I was cruising for something else and ran across this: W.O.LARSEN STRAIGHT GRAIN GRADE 10 BENT TOMATO - eBay (item 250788148290 end time Mar-20-11 19:01:06 PDT)

Seems very modestly priced... at present.


----------



## FiveStar (Jan 7, 2010)

Say squat tomato, say stanwell! And for under 100 bucks, this one leaves you room to purchase some tins to go with it. There is an other just like it with less character to the grain on the smokingpipes site as well. I really like the looks of this pipe, and have successfully resisted the urge to buy one...

Stanwell "1960" Squat Tomato Pipes at Smoking Pipes .com


----------



## shannensmall (Jun 30, 2010)

Jason, here's another idea.

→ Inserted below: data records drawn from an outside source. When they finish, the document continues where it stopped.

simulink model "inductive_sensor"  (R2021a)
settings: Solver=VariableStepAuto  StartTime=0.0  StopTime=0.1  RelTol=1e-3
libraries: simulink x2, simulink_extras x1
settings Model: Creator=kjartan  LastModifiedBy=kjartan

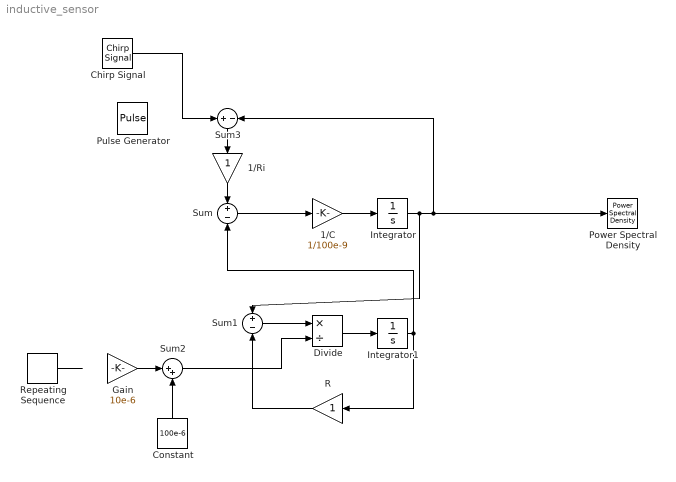
== system inductive_sensor ==
  1/C : Gain  Gain=1/100e-9
  1/Ri : Gain
  Chirp Signal : simulink/Sources/Chirp Signal  f1=0.1  T=1  f2=50e3
  Constant : Constant  Value=100e-6
  Divide : Product  Inputs=*/
  Gain : Gain  Gain=10e-6
  Integrator : Integrator
  Integrator1 : Integrator
  Power Spectral Density : simulink_extras/Additional Sinks/Power Spectral Density  npts=128  fftpts=512  HowOften=64  sampleT=1/200e3
      settings: SourceProductBaseCode=SL
  Pulse Generator : DiscretePulseGenerator  PulseType=Time based  Period=1/50e3  PulseWidth=50
  R : Gain
  Repeating Sequence : simulink/Sources/Repeating Sequence  rep_seq_t=[0 2]  rep_seq_y=[0 5]
  Sum : Sum  Inputs=+|-
  Sum1 : Sum  Inputs=+|-
  Sum2 : Sum  Inputs=|++
  Sum3 : Sum  Inputs=+|-
  wires:
  1/C/1 -> Integrator/1
  Sum/1 -> 1/C/1
  Integrator/1 -> Sum3/2, Power Spectral Density/1, Sum1/1
  Divide/1 -> Integrator1/1
  Sum1/1 -> Divide/1
  Chirp Signal/1 -> Sum3/1
  Repeating Sequence/1 -> ?
  Constant/1 -> Sum2/2
  Sum2/1 -> Divide/2
  Sum3/1 -> 1/Ri/1
  1/Ri/1 -> Sum/1
  Integrator1/1 -> Sum/2, R/1
  R/1 -> Sum1/2
  Gain/1 -> Sum2/1

Why don't you fling an email to Mario and see if he has one like what you are looking for he hasn't listed? MARIO GRANDI PIPES items - Get great deals on Collectibles, estate pipes items on eBay.com!

Heck I would even enquirer as to how much he would want to carve you one. His pipe prices are very reasonable. I bet for under a hundred bucks you could get one bada$$ pipe from him.


----------



## Thirston (Feb 2, 2011)

I'm a big fan of the squat tomato and similar shapes (Sav Author). I was just smoking my smooth Stanwell (Danish Sovereign) squat on Saturday and the only thing I would add is that they (true squats) are harder to hold on to than most other shapes. I'm not a clencher so I am constantly reminded of this as use it a couple times a week. 

I had my eye on that Rad Davis but guessed it was going to go much higher than that and stopped watching. Damn. Kind of a steal.


----------



## Thirston (Feb 2, 2011)

I forgot I'm allowed to add pics now. I got this estate on ebay about 3 years ago for $33 or so.


----------



## CaptainEnormous (Sep 30, 2010)

Thirston said:


> I forgot I'm allowed to add pics now. I got this estate on ebay about 3 years ago for $33 or so.


Very nice!
Who's the maker?


----------



## Thirston (Feb 2, 2011)

Thx. Its' a Danish Sovereign which is Stanwell second.


----------



## Savvy (Jun 23, 2007)

I know he's been brought up in this thread a few times already, but Rad Davis has pretty much perfected this shape. Add to that the quality of sandblasting he does as well as the grain of his briars, and it all adds up to an amazing pipe. Great mechanics for smoking too. They're a bit pricy, but at least to me, their price is justified. Maybe look into it, and save up for a few months.


----------



## indigosmoke (Sep 1, 2009)

Here's something along these lines, kind of a bulldog squat tomato, you might want to consider. It's a Mark Tinsky Christmas pipe that Marty Pulvers just put up. For $85 in great condition for a Tinsky Coral it's a excellent deal, so if you want it don't hesitate. I'd be surprised if it doesn't sell quick.










Great way to get a unique Christmas pipe from one of America's top carvers. If I hadn't recently spent way too much on pipes I'd grab it myself.


----------



## FiveStar (Jan 7, 2010)

indigosmoke said:


> Here's something along these lines, kind of a bulldog squat tomato, you might want to consider. It's a Mark Tinsky Christmas pipe that Marty Pulvers just put up. For $85 in great condition for a Tinsky Coral it's a excellent deal, so if you want it don't hesitate. I'd be surprised if it doesn't sell quick.
> 
> 
> 
> ...


Now that's a good looking pipe! I'm holding out for a Savinelli Punto Oro straight squat bulldog like I saw in a Dubinthedam video, or else I'd be trying to scrape together the fundage for this guy.


----------



## indigosmoke (Sep 1, 2009)

FiveStar said:


> Now that's a good looking pipe! I'm holding out for a Savinelli Punto Oro straight squat bulldog like I saw in a Dubinthedam video, or else I'd be trying to scrape together the fundage for this guy.


Well, I'll play the temptress here. One thing to know about Marty is that he is willing to reserve a pipe for a reasonable deposit. If you really like the pipe shoot him an email and see what he'll do for you. He's a great guy to deal with.


----------



## FiveStar (Jan 7, 2010)

STOP IT JOHN!

Seriously though, I am trying to find the perfect squat bulldog. I love the look of the one in this vid...


----------



## GuitarDan (Nov 26, 2009)

don't know if you guys found what you wanted, but I saw this and figured it might do...

RIGOLETTO SQUAT TOMATO PIPE ** UNSMOKED ** | eBay


----------



## Pugsley (Jul 12, 2009)

I have a squat tomato I bought on Ebay a couple years ago. It was carved by John Bessai out of Cleveland in the 60's and looks very similar to the pic posted by Thirston. I think I paid around $50 for it and it is my favorite smoker. It doesn't seem to be a shape many carvers use now but I really like the way it feels in my hand and it never gets hot. It's marked "Bessai Special" and if you find one of those I would suggest you snap it up. The grain is nothing to brag about but I have since purchased several Bessai pipes and they are all great smokers.


----------